Jadi, Pemilihan Kepala Daerah di Bandung menjadi perhatian saya karena Bandung is My Lovely City. Kira-kira begitu. Tentunya juga Depok dan Jakarta tetapi nantilah di tulisan lain.
Bandung itu punya modal besar. Pertama Bandung adalah pabrik SDM yang luar biasa karena empat perguruan tinggi negeri ada di kota itu, Institut Teknologi Bandung, Universitas Padjadjaran, Universitas Pendidikan Bandung dan UIN Gunung Djati.
Belum lagi perguruan tinggi negeri lain yang spesifik seperti Sekolah Tinggi Pariwisata Bandung, Politeknik Negeri Bandung, Politeknik Kesehatan Bandung, Institut Seni Budaya Indonesia
Belum lagi perguruan tinggi swasta yang terkemuka, ada Universitas Parahyangan, Telkom University, Itenas, Universitas Pasundan, Universitas Islam Bandung, Universitas Muhammadyah Bandung, Universitas Kristen Maranath, Unikom dan sebagainya. Total jumlah perguruan tinggi negeri dan swasta dari berbagai spesifikasi di kota ini saya perkirakan lebih dari 50
Perguruan tinggi ini sudah punya akar sejarah yang panjang sejak 1950-an dan hebatnya hampir perguruan tinggi-sekalipun sebagian pindah ke Jatinangor berkumpul dalam suatu massa berdekatan di Bandung Utara. Badan Pusat Statistik Jawa Barat menyebutkan angka partisipasi kasar lulusan perguruan tinggi mencapai 48,70 pada 2022, naik signifikan dibanding 2021 yaitu 41,77.
Terkait dengan SDM yang baik ialah Indeks Baca Masyarakat (IBM) Kota Bandung menurut rilis Badan Pusat Statistik pada 2023 berada pada angka 78,81. Nilai ini naik dari 2022 sebesar 76.07.
Sementara Indeks Literasi masyarakat di kota kembang ini pada tahun yang sama berada pada angka 86,70. Perpustakaan Nasional juga melakukan survey senada terkait membaca, Bandung berada pada posisi keenam dengan angka 73,63.
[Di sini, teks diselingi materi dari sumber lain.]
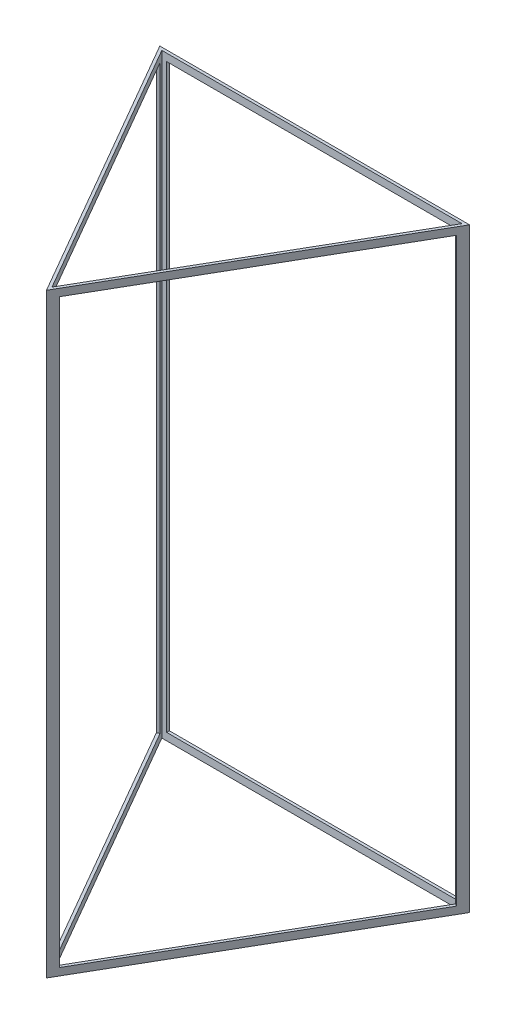
ISO-10303-21;
HEADER;
FILE_DESCRIPTION(('STEP AP214'),'2;1');
FILE_NAME('part.step','',(''),(''),'','','');
FILE_SCHEMA(('AUTOMOTIVE_DESIGN { 1 0 10303 214 1 1 1 1 }'));
ENDSEC;
DATA;
#1=APPLICATION_CONTEXT('core data for automotive mechanical design processes');
#2=APPLICATION_PROTOCOL_DEFINITION('international standard','automotive_design',2000,#1);
#3=PRODUCT_CONTEXT('',#1,'mechanical');
#4=PRODUCT('Part','Part','',(#3));
#5=PRODUCT_RELATED_PRODUCT_CATEGORY('part','',(#4));
#6=PRODUCT_DEFINITION_FORMATION('','',#4);
#7=PRODUCT_DEFINITION_CONTEXT('part definition',#1,'design');
#8=PRODUCT_DEFINITION('design','',#6,#7);
#9=PRODUCT_DEFINITION_SHAPE('','',#8);
#10=(LENGTH_UNIT() NAMED_UNIT(*) SI_UNIT(.MILLI.,.METRE.));
#11=(NAMED_UNIT(*) PLANE_ANGLE_UNIT() SI_UNIT($,.RADIAN.));
#12=(NAMED_UNIT(*) SI_UNIT($,.STERADIAN.) SOLID_ANGLE_UNIT());
#13=UNCERTAINTY_MEASURE_WITH_UNIT(LENGTH_MEASURE(1.E-05),#10,'distance_accuracy_value','');
#14=(GEOMETRIC_REPRESENTATION_CONTEXT(3) GLOBAL_UNCERTAINTY_ASSIGNED_CONTEXT((#13)) GLOBAL_UNIT_ASSIGNED_CONTEXT((#10,
#11,#12)) REPRESENTATION_CONTEXT('',''));
#15=CARTESIAN_POINT('',(0.,0.,0.));
#16=DIRECTION('',(0.,0.,1.));
#17=DIRECTION('',(1.,0.,0.));
#18=AXIS2_PLACEMENT_3D('',#15,#16,#17);
#19=CARTESIAN_POINT('',(0.,2500.,0.));
#20=DIRECTION('',(0.,1.,0.));
#21=DIRECTION('',(0.,0.,1.));
#22=AXIS2_PLACEMENT_3D('',#19,#20,#21);
#23=PLANE('',#22);
#24=DIRECTION('',(0.5,0.,0.866025403784439));
#25=VECTOR('',#24,1.);
#26=CARTESIAN_POINT('',(-650.,2500.,-1125.83302491977));
#27=LINE('',#26,#25);
#28=CARTESIAN_POINT('',(-650.,2500.,-1125.83302491977));
#29=VERTEX_POINT('',#28);
#30=CARTESIAN_POINT('',(0.,2500.,0.));
#31=VERTEX_POINT('',#30);
#32=EDGE_CURVE('E250',#29,#31,#27,.T.);
#33=ORIENTED_EDGE('',*,*,#32,.T.);
#34=DIRECTION('',(0.5,0.,-0.866025403784439));
#35=VECTOR('',#34,1.);
#36=CARTESIAN_POINT('',(0.,2500.,0.));
#37=LINE('',#36,#35);
#38=CARTESIAN_POINT('',(650.,2500.,-1125.83302491977));
#39=VERTEX_POINT('',#38);
#40=EDGE_CURVE('E253',#31,#39,#37,.T.);
#41=ORIENTED_EDGE('',*,*,#40,.T.);
#42=DIRECTION('',(-1.,0.,0.));
#43=VECTOR('',#42,1.);
#44=CARTESIAN_POINT('',(650.,2500.,-1125.83302491977));
#45=LINE('',#44,#43);
#46=EDGE_CURVE('E256',#39,#29,#45,.T.);
#47=ORIENTED_EDGE('',*,*,#46,.T.);
#48=EDGE_LOOP('',(#33,#41,#47));
#49=FACE_BOUND('',#48,.T.);
#50=DIRECTION('',(0.5,0.,-0.866025403784438));
#51=VECTOR('',#50,1.);
#52=CARTESIAN_POINT('',(8.40039843241769E-13,2500.,-23.0940107675844));
#53=LINE('',#52,#51);
#54=CARTESIAN_POINT('',(8.40039843241769E-13,2500.,-23.0940107675844));
#55=VERTEX_POINT('',#54);
#56=CARTESIAN_POINT('',(630.000000000001,2500.,-1114.28601953598));
#57=VERTEX_POINT('',#56);
#58=EDGE_CURVE('E228',#55,#57,#53,.T.);
#59=ORIENTED_EDGE('',*,*,#58,.F.);
#60=DIRECTION('',(0.5,0.,0.866025403784439));
#61=VECTOR('',#60,1.);
#62=CARTESIAN_POINT('',(-629.999999999999,2500.,-1114.28601953598));
#63=LINE('',#62,#61);
#64=CARTESIAN_POINT('',(-629.999999999999,2500.,-1114.28601953598));
#65=VERTEX_POINT('',#64);
#66=EDGE_CURVE('E226',#65,#55,#63,.T.);
#67=ORIENTED_EDGE('',*,*,#66,.F.);
#68=DIRECTION('',(-1.,0.,0.));
#69=VECTOR('',#68,1.);
#70=CARTESIAN_POINT('',(630.000000000001,2500.,-1114.28601953598));
#71=LINE('',#70,#69);
#72=EDGE_CURVE('E232',#57,#65,#71,.T.);
#73=ORIENTED_EDGE('',*,*,#72,.F.);
#74=EDGE_LOOP('',(#59,#67,#73));
#75=FACE_BOUND('',#74,.T.);
#76=ADVANCED_FACE('F33',(#49,#75),#23,.T.);
#77=CARTESIAN_POINT('',(0.,0.,0.));
#78=DIRECTION('',(0.,1.,0.));
#79=DIRECTION('',(0.,0.,1.));
#80=AXIS2_PLACEMENT_3D('',#77,#78,#79);
#81=PLANE('',#80);
#82=DIRECTION('',(0.5,0.,0.866025403784439));
#83=VECTOR('',#82,1.);
#84=CARTESIAN_POINT('',(-650.,0.,-1125.83302491977));
#85=LINE('',#84,#83);
#86=CARTESIAN_POINT('',(-650.,0.,-1125.83302491977));
#87=VERTEX_POINT('',#86);
#88=CARTESIAN_POINT('',(0.,0.,0.));
#89=VERTEX_POINT('',#88);
#90=EDGE_CURVE('E249',#87,#89,#85,.T.);
#91=ORIENTED_EDGE('',*,*,#90,.F.);
#92=DIRECTION('',(-1.,0.,0.));
#93=VECTOR('',#92,1.);
#94=CARTESIAN_POINT('',(650.,0.,-1125.83302491977));
#95=LINE('',#94,#93);
#96=CARTESIAN_POINT('',(650.,0.,-1125.83302491977));
#97=VERTEX_POINT('',#96);
#98=EDGE_CURVE('E254',#97,#87,#95,.T.);
#99=ORIENTED_EDGE('',*,*,#98,.F.);
#100=DIRECTION('',(0.5,0.,-0.866025403784439));
#101=VECTOR('',#100,1.);
#102=CARTESIAN_POINT('',(0.,0.,0.));
#103=LINE('',#102,#101);
#104=EDGE_CURVE('E261',#89,#97,#103,.T.);
#105=ORIENTED_EDGE('',*,*,#104,.F.);
#106=EDGE_LOOP('',(#91,#99,#105));
#107=FACE_BOUND('',#106,.T.);
#108=DIRECTION('',(0.5,0.,0.866025403784439));
#109=VECTOR('',#108,1.);
#110=CARTESIAN_POINT('',(-629.999999999999,0.,-1114.28601953598));
#111=LINE('',#110,#109);
#112=CARTESIAN_POINT('',(-629.999999999999,0.,-1114.28601953598));
#113=VERTEX_POINT('',#112);
#114=CARTESIAN_POINT('',(8.40039843241769E-13,0.,-23.0940107675844));
#115=VERTEX_POINT('',#114);
#116=EDGE_CURVE('E219',#113,#115,#111,.T.);
#117=ORIENTED_EDGE('',*,*,#116,.T.);
#118=DIRECTION('',(0.5,0.,-0.866025403784438));
#119=VECTOR('',#118,1.);
#120=CARTESIAN_POINT('',(8.40039843241769E-13,0.,-23.0940107675844));
#121=LINE('',#120,#119);
#122=CARTESIAN_POINT('',(630.000000000001,0.,-1114.28601953598));
#123=VERTEX_POINT('',#122);
#124=EDGE_CURVE('E237',#115,#123,#121,.T.);
#125=ORIENTED_EDGE('',*,*,#124,.T.);
#126=DIRECTION('',(-1.,0.,0.));
#127=VECTOR('',#126,1.);
#128=CARTESIAN_POINT('',(630.000000000001,0.,-1114.28601953598));
#129=LINE('',#128,#127);
#130=EDGE_CURVE('E229',#123,#113,#129,.T.);
#131=ORIENTED_EDGE('',*,*,#130,.T.);
#132=EDGE_LOOP('',(#117,#125,#131));
#133=FACE_BOUND('',#132,.T.);
#134=ADVANCED_FACE('F315',(#107,#133),#81,.F.);
#135=CARTESIAN_POINT('',(-650.,2500.,-1125.83302491977));
#136=DIRECTION('',(0.866025403784439,0.,-0.5));
#137=DIRECTION('',(-0.5,0.,-0.866025403784439));
#138=AXIS2_PLACEMENT_3D('',#135,#136,#137);
#139=PLANE('',#138);
#140=DIRECTION('',(-0.5,0.,-0.866025403784439));
#141=VECTOR('',#140,1.);
#142=CARTESIAN_POINT('',(-629.8,2469.2,-1090.84559860688));
#143=LINE('',#142,#141);
#144=CARTESIAN_POINT('',(-20.1999999999999,2469.2,-34.9874263128913));
#145=VERTEX_POINT('',#144);
#146=CARTESIAN_POINT('',(-629.8,2469.2,-1090.84559860688));
#147=VERTEX_POINT('',#146);
#148=EDGE_CURVE('E187',#145,#147,#143,.T.);
#149=ORIENTED_EDGE('',*,*,#148,.F.);
#150=DIRECTION('',(0.,1.,0.));
#151=VECTOR('',#150,1.);
#152=CARTESIAN_POINT('',(-20.1999999999999,30.7999999999999,-34.9874263128912));
#153=LINE('',#152,#151);
#154=CARTESIAN_POINT('',(-20.1999999999999,30.7999999999999,-34.9874263128912));
#155=VERTEX_POINT('',#154);
#156=EDGE_CURVE('E183',#155,#145,#153,.T.);
#157=ORIENTED_EDGE('',*,*,#156,.F.);
#158=DIRECTION('',(0.5,0.,0.866025403784439));
#159=VECTOR('',#158,1.);
#160=CARTESIAN_POINT('',(-629.8,30.7999999999999,-1090.84559860688));
#161=LINE('',#160,#159);
#162=CARTESIAN_POINT('',(-629.8,30.7999999999999,-1090.84559860688));
#163=VERTEX_POINT('',#162);
#164=EDGE_CURVE('E193',#163,#155,#161,.T.);
#165=ORIENTED_EDGE('',*,*,#164,.F.);
#166=DIRECTION('',(0.,-1.,0.));
#167=VECTOR('',#166,1.);
#168=CARTESIAN_POINT('',(-629.8,30.7999999999999,-1090.84559860688));
#169=LINE('',#168,#167);
#170=EDGE_CURVE('E190',#147,#163,#169,.T.);
#171=ORIENTED_EDGE('',*,*,#170,.F.);
#172=EDGE_LOOP('',(#149,#157,#165,#171));
#173=FACE_BOUND('',#172,.T.);
#174=ORIENTED_EDGE('',*,*,#90,.T.);
#175=DIRECTION('',(0.,-1.,0.));
#176=VECTOR('',#175,1.);
#177=CARTESIAN_POINT('',(0.,2500.,0.));
#178=LINE('',#177,#176);
#179=EDGE_CURVE('E269',#31,#89,#178,.T.);
#180=ORIENTED_EDGE('',*,*,#179,.F.);
#181=ORIENTED_EDGE('',*,*,#32,.F.);
#182=DIRECTION('',(0.,-1.,0.));
#183=VECTOR('',#182,1.);
#184=CARTESIAN_POINT('',(-650.,2500.,-1125.83302491977));
#185=LINE('',#184,#183);
#186=EDGE_CURVE('E258',#29,#87,#185,.T.);
#187=ORIENTED_EDGE('',*,*,#186,.T.);
#188=EDGE_LOOP('',(#174,#180,#181,#187));
#189=FACE_BOUND('',#188,.T.);
#190=ADVANCED_FACE('F35',(#173,#189),#139,.F.);
#191=CARTESIAN_POINT('',(0.,2500.,0.));
#192=DIRECTION('',(-0.866025403784439,0.,-0.5));
#193=DIRECTION('',(-0.5,0.,0.866025403784439));
#194=AXIS2_PLACEMENT_3D('',#191,#192,#193);
#195=PLANE('',#194);
#196=DIRECTION('',(-0.5,0.,0.866025403784439));
#197=VECTOR('',#196,1.);
#198=CARTESIAN_POINT('',(20.2000000000001,2469.2,-34.9874263128915));
#199=LINE('',#198,#197);
#200=CARTESIAN_POINT('',(629.8,2469.2,-1090.84559860688));
#201=VERTEX_POINT('',#200);
#202=CARTESIAN_POINT('',(20.2000000000001,2469.2,-34.9874263128915));
#203=VERTEX_POINT('',#202);
#204=EDGE_CURVE('E169',#201,#203,#199,.T.);
#205=ORIENTED_EDGE('',*,*,#204,.F.);
#206=DIRECTION('',(0.,1.,0.));
#207=VECTOR('',#206,1.);
#208=CARTESIAN_POINT('',(629.8,30.8000000000002,-1090.84559860688));
#209=LINE('',#208,#207);
#210=CARTESIAN_POINT('',(629.8,30.8000000000002,-1090.84559860688));
#211=VERTEX_POINT('',#210);
#212=EDGE_CURVE('E48',#211,#201,#209,.T.);
#213=ORIENTED_EDGE('',*,*,#212,.F.);
#214=DIRECTION('',(0.5,0.,-0.866025403784439));
#215=VECTOR('',#214,1.);
#216=CARTESIAN_POINT('',(20.2000000000001,30.8000000000002,-34.9874263128915));
#217=LINE('',#216,#215);
#218=CARTESIAN_POINT('',(20.2000000000001,30.8000000000002,-34.9874263128915));
#219=VERTEX_POINT('',#218);
#220=EDGE_CURVE('E176',#219,#211,#217,.T.);
#221=ORIENTED_EDGE('',*,*,#220,.F.);
#222=DIRECTION('',(0.,-1.,0.));
#223=VECTOR('',#222,1.);
#224=CARTESIAN_POINT('',(20.2000000000001,30.8000000000002,-34.9874263128915));
#225=LINE('',#224,#223);
#226=EDGE_CURVE('E160',#203,#219,#225,.T.);
#227=ORIENTED_EDGE('',*,*,#226,.F.);
#228=EDGE_LOOP('',(#205,#213,#221,#227));
#229=FACE_BOUND('',#228,.T.);
#230=ORIENTED_EDGE('',*,*,#104,.T.);
#231=DIRECTION('',(0.,-1.,0.));
#232=VECTOR('',#231,1.);
#233=CARTESIAN_POINT('',(650.,2500.,-1125.83302491977));
#234=LINE('',#233,#232);
#235=EDGE_CURVE('E266',#39,#97,#234,.T.);
#236=ORIENTED_EDGE('',*,*,#235,.F.);
#237=ORIENTED_EDGE('',*,*,#40,.F.);
#238=ORIENTED_EDGE('',*,*,#179,.T.);
#239=EDGE_LOOP('',(#230,#236,#237,#238));
#240=FACE_BOUND('',#239,.T.);
#241=ADVANCED_FACE('F173',(#229,#240),#195,.F.);
#242=CARTESIAN_POINT('',(650.,2500.,-1125.83302491977));
#243=DIRECTION('',(0.,0.,1.));
#244=DIRECTION('',(1.,0.,0.));
#245=AXIS2_PLACEMENT_3D('',#242,#243,#244);
#246=PLANE('',#245);
#247=DIRECTION('',(1.,0.,0.));
#248=VECTOR('',#247,1.);
#249=CARTESIAN_POINT('',(609.6,2469.2,-1125.83302491977));
#250=LINE('',#249,#248);
#251=CARTESIAN_POINT('',(-609.6,2469.2,-1125.83302491977));
#252=VERTEX_POINT('',#251);
#253=CARTESIAN_POINT('',(609.6,2469.2,-1125.83302491977));
#254=VERTEX_POINT('',#253);
#255=EDGE_CURVE('E207',#252,#254,#250,.T.);
#256=ORIENTED_EDGE('',*,*,#255,.F.);
#257=DIRECTION('',(0.,1.,0.));
#258=VECTOR('',#257,1.);
#259=CARTESIAN_POINT('',(-609.6,30.8000000000004,-1125.83302491977));
#260=LINE('',#259,#258);
#261=CARTESIAN_POINT('',(-609.6,30.8000000000004,-1125.83302491977));
#262=VERTEX_POINT('',#261);
#263=EDGE_CURVE('E199',#262,#252,#260,.T.);
#264=ORIENTED_EDGE('',*,*,#263,.F.);
#265=DIRECTION('',(-1.,0.,0.));
#266=VECTOR('',#265,1.);
#267=CARTESIAN_POINT('',(609.6,30.8000000000004,-1125.83302491977));
#268=LINE('',#267,#266);
#269=CARTESIAN_POINT('',(609.6,30.8000000000004,-1125.83302491977));
#270=VERTEX_POINT('',#269);
#271=EDGE_CURVE('E213',#270,#262,#268,.T.);
#272=ORIENTED_EDGE('',*,*,#271,.F.);
#273=DIRECTION('',(0.,-1.,0.));
#274=VECTOR('',#273,1.);
#275=CARTESIAN_POINT('',(609.6,30.8000000000004,-1125.83302491977));
#276=LINE('',#275,#274);
#277=EDGE_CURVE('E210',#254,#270,#276,.T.);
#278=ORIENTED_EDGE('',*,*,#277,.F.);
#279=EDGE_LOOP('',(#256,#264,#272,#278));
#280=FACE_BOUND('',#279,.T.);
#281=ORIENTED_EDGE('',*,*,#98,.T.);
#282=ORIENTED_EDGE('',*,*,#186,.F.);
#283=ORIENTED_EDGE('',*,*,#46,.F.);
#284=ORIENTED_EDGE('',*,*,#235,.T.);
#285=EDGE_LOOP('',(#281,#282,#283,#284));
#286=FACE_BOUND('',#285,.T.);
#287=ADVANCED_FACE('F328',(#280,#286),#246,.F.);
#288=CARTESIAN_POINT('',(-629.999999999999,2500.,-1114.28601953598));
#289=DIRECTION('',(0.866025403784439,0.,-0.5));
#290=DIRECTION('',(-0.5,0.,-0.866025403784439));
#291=AXIS2_PLACEMENT_3D('',#288,#289,#290);
#292=PLANE('',#291);
#293=DIRECTION('',(0.,-1.,0.));
#294=VECTOR('',#293,1.);
#295=CARTESIAN_POINT('',(-10.1999999999994,2500.,-40.7609290047874));
#296=LINE('',#295,#294);
#297=CARTESIAN_POINT('',(-10.1999999999995,2469.2,-40.7609290047877));
#298=VERTEX_POINT('',#297);
#299=CARTESIAN_POINT('',(-10.1999999999995,30.8000000000001,-40.7609290047877));
#300=VERTEX_POINT('',#299);
#301=EDGE_CURVE('E288',#298,#300,#296,.T.);
#302=ORIENTED_EDGE('',*,*,#301,.F.);
#303=DIRECTION('',(0.5,0.,0.866025403784439));
#304=VECTOR('',#303,1.);
#305=CARTESIAN_POINT('',(-629.999999999999,2469.2,-1114.28601953598));
#306=LINE('',#305,#304);
#307=CARTESIAN_POINT('',(-619.799999999999,2469.2,-1096.61910129878));
#308=VERTEX_POINT('',#307);
#309=EDGE_CURVE('E281',#308,#298,#306,.T.);
#310=ORIENTED_EDGE('',*,*,#309,.F.);
#311=DIRECTION('',(0.,1.,0.));
#312=VECTOR('',#311,1.);
#313=CARTESIAN_POINT('',(-619.799999999999,2500.,-1096.61910129878));
#314=LINE('',#313,#312);
#315=CARTESIAN_POINT('',(-619.799999999999,30.7999999999999,-1096.61910129878));
#316=VERTEX_POINT('',#315);
#317=EDGE_CURVE('E283',#316,#308,#314,.T.);
#318=ORIENTED_EDGE('',*,*,#317,.F.);
#319=DIRECTION('',(-0.5,0.,-0.866025403784439));
#320=VECTOR('',#319,1.);
#321=CARTESIAN_POINT('',(-629.999999999999,30.8000000000002,-1114.28601953598));
#322=LINE('',#321,#320);
#323=EDGE_CURVE('E286',#300,#316,#322,.T.);
#324=ORIENTED_EDGE('',*,*,#323,.F.);
#325=EDGE_LOOP('',(#302,#310,#318,#324));
#326=FACE_BOUND('',#325,.T.);
#327=ORIENTED_EDGE('',*,*,#116,.F.);
#328=DIRECTION('',(0.,-1.,0.));
#329=VECTOR('',#328,1.);
#330=CARTESIAN_POINT('',(-629.999999999999,2500.,-1114.28601953598));
#331=LINE('',#330,#329);
#332=EDGE_CURVE('E234',#65,#113,#331,.T.);
#333=ORIENTED_EDGE('',*,*,#332,.F.);
#334=ORIENTED_EDGE('',*,*,#66,.T.);
#335=DIRECTION('',(0.,-1.,0.));
#336=VECTOR('',#335,1.);
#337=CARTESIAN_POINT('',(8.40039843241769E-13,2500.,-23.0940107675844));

Dengan angka APK perguruan tinggi yang nyaris separuh dari warga kota berpopulasi 2,7 juta jiwa ini dan tingkat literasi yang tinggi mustahil, masyarakat yang terdidik ini tidak tahu masalah krusial di kotanya,ancaman dari lingkungan misalnya krisis ekologi di Kawasan Bandung Utara, masalah sampah, berkurangnya mata air dan sungai.
Mereka pasti mengalami kemacetan yang luar biasa karena rasio kendaraan bermotor serta populasi 1:1. Angka ini lebih tinggi dari Jakarta. Jika waktu weekend wisatawan Jakarta masuk, seperti apa Bandung macetnya. Kawan-kawan saya di Bandung ketika libur panjang malas ke Lembang karena pasti macet. Kalau saya ke Bandung untuk healing pasti di hari kerja.